_TASK GOAL:_
Once the line with "#51=VECTOR('',#50,1.);" is found in the data, output it and each following line exactly, up to and including the line with "#59=CARTESIAN_POINT('',(-100.,20.,-100.));", and nothing before or after.

_EXTRACTED DATA:_
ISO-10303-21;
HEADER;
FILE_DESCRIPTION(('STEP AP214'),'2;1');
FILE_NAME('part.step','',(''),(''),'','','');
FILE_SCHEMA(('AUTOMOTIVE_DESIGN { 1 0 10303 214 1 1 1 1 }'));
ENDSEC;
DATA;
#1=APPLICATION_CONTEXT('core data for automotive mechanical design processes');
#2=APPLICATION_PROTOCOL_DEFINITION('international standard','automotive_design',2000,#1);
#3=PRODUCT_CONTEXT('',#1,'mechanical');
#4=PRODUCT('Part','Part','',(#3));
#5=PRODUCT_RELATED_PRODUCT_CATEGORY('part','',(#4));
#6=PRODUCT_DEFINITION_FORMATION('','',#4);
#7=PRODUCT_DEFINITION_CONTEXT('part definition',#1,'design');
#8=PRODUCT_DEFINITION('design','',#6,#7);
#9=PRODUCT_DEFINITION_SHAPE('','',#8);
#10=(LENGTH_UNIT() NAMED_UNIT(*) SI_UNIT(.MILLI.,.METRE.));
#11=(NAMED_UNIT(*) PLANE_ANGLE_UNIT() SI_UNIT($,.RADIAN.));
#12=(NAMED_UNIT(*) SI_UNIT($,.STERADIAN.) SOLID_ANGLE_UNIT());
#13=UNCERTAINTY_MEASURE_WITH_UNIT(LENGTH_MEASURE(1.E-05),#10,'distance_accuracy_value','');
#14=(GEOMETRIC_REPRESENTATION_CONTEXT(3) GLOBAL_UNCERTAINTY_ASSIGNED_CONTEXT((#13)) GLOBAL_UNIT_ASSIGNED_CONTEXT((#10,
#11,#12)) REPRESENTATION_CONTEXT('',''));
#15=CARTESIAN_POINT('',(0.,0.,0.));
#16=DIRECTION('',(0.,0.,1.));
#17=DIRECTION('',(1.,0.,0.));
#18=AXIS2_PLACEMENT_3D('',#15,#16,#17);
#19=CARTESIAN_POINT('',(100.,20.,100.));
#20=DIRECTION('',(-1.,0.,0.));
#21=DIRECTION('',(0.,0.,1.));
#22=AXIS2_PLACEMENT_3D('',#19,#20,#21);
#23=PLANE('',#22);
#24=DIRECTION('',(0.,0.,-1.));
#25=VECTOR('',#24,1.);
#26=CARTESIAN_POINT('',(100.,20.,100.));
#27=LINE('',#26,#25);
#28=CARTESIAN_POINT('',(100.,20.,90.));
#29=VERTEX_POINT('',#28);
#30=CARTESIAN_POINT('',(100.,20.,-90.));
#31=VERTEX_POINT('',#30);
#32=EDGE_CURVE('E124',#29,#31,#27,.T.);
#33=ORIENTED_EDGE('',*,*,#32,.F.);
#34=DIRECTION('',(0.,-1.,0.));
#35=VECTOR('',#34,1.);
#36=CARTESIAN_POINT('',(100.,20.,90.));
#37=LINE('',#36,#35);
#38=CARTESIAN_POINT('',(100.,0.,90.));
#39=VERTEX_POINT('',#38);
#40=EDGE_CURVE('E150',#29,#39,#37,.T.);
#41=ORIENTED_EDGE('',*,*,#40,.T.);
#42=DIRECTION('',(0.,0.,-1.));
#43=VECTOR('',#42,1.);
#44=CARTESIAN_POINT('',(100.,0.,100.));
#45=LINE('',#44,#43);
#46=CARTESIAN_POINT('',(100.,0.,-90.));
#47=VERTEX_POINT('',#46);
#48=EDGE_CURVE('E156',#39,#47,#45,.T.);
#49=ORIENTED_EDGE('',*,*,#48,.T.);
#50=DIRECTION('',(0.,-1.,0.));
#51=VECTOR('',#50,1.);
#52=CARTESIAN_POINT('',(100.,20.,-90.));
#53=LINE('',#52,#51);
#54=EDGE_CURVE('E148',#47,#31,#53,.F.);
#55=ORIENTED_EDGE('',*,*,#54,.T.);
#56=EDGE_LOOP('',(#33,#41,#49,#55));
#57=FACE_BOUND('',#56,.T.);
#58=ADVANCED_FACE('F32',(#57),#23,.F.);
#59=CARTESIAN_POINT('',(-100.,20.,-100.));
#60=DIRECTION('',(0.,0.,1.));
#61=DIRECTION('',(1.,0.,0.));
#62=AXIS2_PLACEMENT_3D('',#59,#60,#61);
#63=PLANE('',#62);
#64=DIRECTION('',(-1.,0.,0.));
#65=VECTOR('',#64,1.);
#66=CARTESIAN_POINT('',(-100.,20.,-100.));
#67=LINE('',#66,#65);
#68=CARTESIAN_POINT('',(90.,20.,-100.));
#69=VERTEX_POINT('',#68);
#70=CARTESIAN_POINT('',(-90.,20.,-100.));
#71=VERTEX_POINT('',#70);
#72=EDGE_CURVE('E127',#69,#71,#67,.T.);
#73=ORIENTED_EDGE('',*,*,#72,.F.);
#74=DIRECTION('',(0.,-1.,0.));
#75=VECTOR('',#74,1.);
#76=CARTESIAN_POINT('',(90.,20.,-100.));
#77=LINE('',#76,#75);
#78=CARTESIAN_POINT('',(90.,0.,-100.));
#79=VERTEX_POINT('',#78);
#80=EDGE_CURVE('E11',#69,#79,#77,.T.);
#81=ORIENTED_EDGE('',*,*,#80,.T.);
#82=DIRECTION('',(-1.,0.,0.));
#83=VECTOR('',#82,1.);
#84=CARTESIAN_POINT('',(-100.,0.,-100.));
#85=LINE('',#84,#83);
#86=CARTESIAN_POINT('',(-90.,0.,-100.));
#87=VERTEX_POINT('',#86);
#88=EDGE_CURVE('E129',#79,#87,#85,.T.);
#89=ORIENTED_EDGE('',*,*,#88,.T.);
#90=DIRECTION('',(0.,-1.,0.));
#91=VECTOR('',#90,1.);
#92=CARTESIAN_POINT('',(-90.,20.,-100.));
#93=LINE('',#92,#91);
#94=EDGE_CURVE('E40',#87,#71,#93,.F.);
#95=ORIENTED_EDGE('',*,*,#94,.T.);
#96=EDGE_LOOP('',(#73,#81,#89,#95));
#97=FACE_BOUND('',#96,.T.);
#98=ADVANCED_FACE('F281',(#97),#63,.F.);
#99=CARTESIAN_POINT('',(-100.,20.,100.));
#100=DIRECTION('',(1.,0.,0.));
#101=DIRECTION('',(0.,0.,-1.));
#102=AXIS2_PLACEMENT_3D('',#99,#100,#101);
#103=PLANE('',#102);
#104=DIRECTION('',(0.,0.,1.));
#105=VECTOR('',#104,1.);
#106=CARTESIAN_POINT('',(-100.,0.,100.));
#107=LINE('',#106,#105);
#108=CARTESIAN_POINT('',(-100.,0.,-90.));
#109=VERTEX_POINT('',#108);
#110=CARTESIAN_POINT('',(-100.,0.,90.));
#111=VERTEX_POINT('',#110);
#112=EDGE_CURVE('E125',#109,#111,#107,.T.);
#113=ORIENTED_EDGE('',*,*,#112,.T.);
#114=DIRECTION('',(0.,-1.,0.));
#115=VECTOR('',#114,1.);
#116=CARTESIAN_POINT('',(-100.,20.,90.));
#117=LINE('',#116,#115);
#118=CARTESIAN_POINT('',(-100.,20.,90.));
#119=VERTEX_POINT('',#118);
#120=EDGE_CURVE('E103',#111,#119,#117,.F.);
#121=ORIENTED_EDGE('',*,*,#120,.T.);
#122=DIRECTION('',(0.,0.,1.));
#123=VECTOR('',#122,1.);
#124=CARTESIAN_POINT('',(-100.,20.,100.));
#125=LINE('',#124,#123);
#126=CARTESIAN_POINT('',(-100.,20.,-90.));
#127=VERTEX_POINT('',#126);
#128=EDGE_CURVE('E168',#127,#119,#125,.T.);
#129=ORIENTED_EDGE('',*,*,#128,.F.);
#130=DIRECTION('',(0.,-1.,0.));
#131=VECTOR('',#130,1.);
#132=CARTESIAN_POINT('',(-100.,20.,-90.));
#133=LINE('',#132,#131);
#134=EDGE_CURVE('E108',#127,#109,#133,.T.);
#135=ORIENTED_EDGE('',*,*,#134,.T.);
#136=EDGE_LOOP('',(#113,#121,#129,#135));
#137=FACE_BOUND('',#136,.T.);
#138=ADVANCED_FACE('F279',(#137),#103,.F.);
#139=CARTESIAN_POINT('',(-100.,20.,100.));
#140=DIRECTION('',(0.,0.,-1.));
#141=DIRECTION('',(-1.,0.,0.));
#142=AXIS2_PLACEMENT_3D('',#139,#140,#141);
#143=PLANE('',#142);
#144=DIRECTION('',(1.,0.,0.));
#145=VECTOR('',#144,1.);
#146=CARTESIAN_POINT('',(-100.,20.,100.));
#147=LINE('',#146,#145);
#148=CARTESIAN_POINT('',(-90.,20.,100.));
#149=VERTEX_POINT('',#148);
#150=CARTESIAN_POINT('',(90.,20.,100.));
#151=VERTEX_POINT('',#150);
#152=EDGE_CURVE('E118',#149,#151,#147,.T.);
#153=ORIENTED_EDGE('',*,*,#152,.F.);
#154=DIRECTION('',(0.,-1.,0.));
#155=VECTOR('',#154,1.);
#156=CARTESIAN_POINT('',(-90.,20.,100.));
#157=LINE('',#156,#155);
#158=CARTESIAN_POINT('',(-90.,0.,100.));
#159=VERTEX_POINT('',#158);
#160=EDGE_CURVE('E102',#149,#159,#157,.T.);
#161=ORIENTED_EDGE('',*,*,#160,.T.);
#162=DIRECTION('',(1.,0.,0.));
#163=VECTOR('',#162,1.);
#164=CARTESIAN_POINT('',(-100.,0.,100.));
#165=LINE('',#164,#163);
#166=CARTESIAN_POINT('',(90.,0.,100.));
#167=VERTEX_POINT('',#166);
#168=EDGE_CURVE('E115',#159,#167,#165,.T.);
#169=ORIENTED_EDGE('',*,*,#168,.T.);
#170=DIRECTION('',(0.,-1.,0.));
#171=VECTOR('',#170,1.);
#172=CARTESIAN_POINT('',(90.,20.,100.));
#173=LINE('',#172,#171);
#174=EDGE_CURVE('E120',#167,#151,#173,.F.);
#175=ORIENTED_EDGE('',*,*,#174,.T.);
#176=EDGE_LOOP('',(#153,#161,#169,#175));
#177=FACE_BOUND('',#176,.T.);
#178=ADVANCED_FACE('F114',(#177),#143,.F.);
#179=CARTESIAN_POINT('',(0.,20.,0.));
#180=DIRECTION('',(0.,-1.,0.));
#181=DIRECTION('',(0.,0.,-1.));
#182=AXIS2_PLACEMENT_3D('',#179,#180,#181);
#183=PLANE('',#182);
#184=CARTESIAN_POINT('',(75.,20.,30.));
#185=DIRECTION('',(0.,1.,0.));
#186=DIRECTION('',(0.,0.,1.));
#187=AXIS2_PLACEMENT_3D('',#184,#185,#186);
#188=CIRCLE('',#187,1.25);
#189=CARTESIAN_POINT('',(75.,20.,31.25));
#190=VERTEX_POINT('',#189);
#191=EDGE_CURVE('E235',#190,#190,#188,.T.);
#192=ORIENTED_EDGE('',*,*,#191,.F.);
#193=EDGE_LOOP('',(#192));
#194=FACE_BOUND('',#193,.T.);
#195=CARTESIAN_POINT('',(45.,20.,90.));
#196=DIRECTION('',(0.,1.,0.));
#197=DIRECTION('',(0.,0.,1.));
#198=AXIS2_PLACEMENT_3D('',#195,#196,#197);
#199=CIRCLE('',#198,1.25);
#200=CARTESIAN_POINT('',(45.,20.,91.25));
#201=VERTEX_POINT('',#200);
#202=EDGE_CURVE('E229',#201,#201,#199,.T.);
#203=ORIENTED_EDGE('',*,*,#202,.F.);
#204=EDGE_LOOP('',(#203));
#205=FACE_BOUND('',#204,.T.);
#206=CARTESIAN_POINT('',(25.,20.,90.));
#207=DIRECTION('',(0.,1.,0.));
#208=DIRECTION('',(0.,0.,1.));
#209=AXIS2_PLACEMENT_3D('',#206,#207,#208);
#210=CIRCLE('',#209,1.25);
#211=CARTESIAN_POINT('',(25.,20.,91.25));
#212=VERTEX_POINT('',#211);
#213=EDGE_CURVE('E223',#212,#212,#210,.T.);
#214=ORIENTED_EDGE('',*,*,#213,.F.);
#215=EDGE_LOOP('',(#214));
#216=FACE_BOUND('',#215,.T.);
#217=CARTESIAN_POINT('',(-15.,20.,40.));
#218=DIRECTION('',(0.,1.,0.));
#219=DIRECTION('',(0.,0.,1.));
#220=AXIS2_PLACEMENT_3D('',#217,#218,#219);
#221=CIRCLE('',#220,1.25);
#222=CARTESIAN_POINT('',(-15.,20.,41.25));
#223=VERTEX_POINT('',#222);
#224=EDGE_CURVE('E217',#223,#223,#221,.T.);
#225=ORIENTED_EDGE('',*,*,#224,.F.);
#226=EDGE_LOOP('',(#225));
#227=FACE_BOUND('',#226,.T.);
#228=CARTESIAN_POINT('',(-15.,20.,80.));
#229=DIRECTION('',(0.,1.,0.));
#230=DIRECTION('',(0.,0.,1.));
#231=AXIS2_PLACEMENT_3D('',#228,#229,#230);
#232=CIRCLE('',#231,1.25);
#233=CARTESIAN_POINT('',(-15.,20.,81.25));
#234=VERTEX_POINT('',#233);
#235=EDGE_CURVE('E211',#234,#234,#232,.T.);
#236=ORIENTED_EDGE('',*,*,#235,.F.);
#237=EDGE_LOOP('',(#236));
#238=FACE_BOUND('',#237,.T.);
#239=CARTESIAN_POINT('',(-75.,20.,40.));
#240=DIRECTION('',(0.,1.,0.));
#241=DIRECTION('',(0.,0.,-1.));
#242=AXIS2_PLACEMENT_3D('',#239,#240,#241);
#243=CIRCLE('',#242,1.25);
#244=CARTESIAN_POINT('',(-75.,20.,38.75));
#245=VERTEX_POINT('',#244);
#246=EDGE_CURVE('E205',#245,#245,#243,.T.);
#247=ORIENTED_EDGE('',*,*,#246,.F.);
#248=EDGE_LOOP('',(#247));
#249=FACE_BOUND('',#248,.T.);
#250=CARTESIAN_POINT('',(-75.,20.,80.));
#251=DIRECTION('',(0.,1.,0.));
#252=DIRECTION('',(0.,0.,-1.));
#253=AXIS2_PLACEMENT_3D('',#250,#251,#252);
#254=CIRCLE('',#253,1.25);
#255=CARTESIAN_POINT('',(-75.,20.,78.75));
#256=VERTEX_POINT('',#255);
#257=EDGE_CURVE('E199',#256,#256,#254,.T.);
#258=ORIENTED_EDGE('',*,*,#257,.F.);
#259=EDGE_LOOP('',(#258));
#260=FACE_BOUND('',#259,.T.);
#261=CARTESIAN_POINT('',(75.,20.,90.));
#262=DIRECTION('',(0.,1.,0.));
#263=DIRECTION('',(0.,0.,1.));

_SOLUTION:_
#51=VECTOR('',#50,1.);
#52=CARTESIAN_POINT('',(100.,20.,-90.));
#53=LINE('',#52,#51);
#54=EDGE_CURVE('E148',#47,#31,#53,.F.);
#55=ORIENTED_EDGE('',*,*,#54,.T.);
#56=EDGE_LOOP('',(#33,#41,#49,#55));
#57=FACE_BOUND('',#56,.T.);
#58=ADVANCED_FACE('F32',(#57),#23,.F.);
#59=CARTESIAN_POINT('',(-100.,20.,-100.));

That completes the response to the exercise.